Se vuol ballare signor Contino

13 Gen 2014

SE VUOL ballare/ signor Contino/ il chitarrino/ le suonerò/: così canta uno dei protagonisti delle “Nozze di Figaro” mozartiane e così sembra atteggiarsi la politica italiana nei rapporti tra le varie forze (o debolezze) che si confrontano e si scontrano in un clima di crescente tensione economica e sociale.
Ne esamineremo alcune spassionatamente, senza dimenticare un’altra versione di quella illuminante cantata che così conclude: Se vuol venire/ alla mia scuola/ la capriola/ le insegnerò.
La capriola: questo è il rischio (o l’intenzione) che alimenta le tensioni e può creare una situazione che sfugga ad ogni controllo precipitando il Paese in un marasma dal quale sarà molto difficile uscire.

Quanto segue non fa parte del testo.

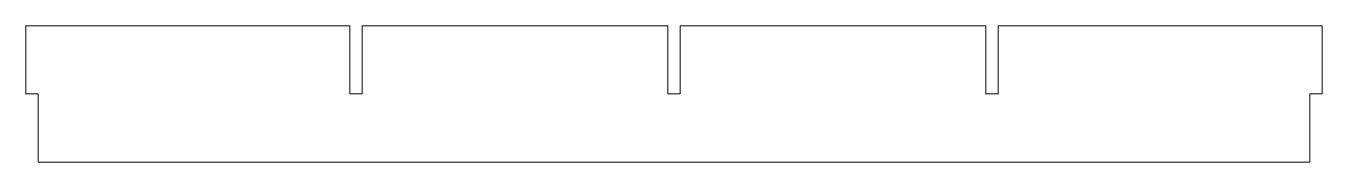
# Model space of a CAD drawing. Header units: millimetres. Extents: x 455 to 883, y 279 to 324.
import ezdxf

# ---------------------------------------------------------------- set-up
doc = ezdxf.new("R2010")
doc.units = ezdxf.units.MM

# ---------------------------------------------------------------- blocks, each defined once
blk = doc.blocks.new('A$Ce0806e1f')
at = {"color": 0, "linetype": 'Continuous', "lineweight": 0}
for p, q in [((-139.78, 42.46), (-246.78, 42.46)), ((-246.78, 42.46), (-246.78, 19.96)), ((-139.78, 19.96), (-139.78, 42.46)), ((-135.78, 42.46), (-135.78, 19.96)), ((-34.78, 42.46), (-135.78, 42.46)), ((-34.78, 19.96), (-34.78, 42.46)), ((-30.78, 42.46), (-30.78, 19.96)), ((70.22, 42.46), (-30.78, 42.46)), ((70.22, 19.96), (70.22, 42.46)), ((74.22, 42.46), (74.22, 19.96)), ((181.22, 42.46), (74.22, 42.46)), ((181.22, 19.96), (181.22, 42.46)), ((-246.78, 19.96), (-242.78, 19.96)), ((-242.78, 19.96), (-242.78, -2.54)), ((-135.78, 19.96), (-139.78, 19.96)), ((-30.78, 19.96), (-34.78, 19.96)), ((74.22, 19.96), (70.22, 19.96)), ((177.22, -2.54), (177.22, 19.96)), ((177.22, 19.96), (181.22, 19.96)), ((-242.78, -2.54), (177.22, -2.54))]:
    blk.add_line(p, q, dxfattribs=at)

msp = doc.modelspace()

# ---------------------------------------------------------------- block references
msp.add_blockref('A$Ce0806e1f', (701.86, 281.25))

doc.saveas('drawing.dxf')

Comincerò dal mio articolo di domenica scorsa dove ricordavo che cosa era la questione morale concepita da Enrico Berlinguer agli inizi degli anni Ottanta. La questione morale, per lui, era l’occupazione delle istituzioni da parte dei partiti, una prassi che a suo giudizio doveva immediatamente cessare.
Le istituzioni (così pensava e diceva) ciascuna nel suo campo sono titolari dell’interesse generale; i partiti sono invece portatori di una visione del bene comune, visione che differisce da partito a partito, si confronta con le altre e riscuote il consenso degli elettori. Chi vince quella competizione ha il diritto di influire sulla composizione del governo sapendo però che quel governo nel momento stesso in cui si insedia deve perseguire l’interesse generale sia pure tenendo presente la visione del bene comune prevalente nel Parlamento.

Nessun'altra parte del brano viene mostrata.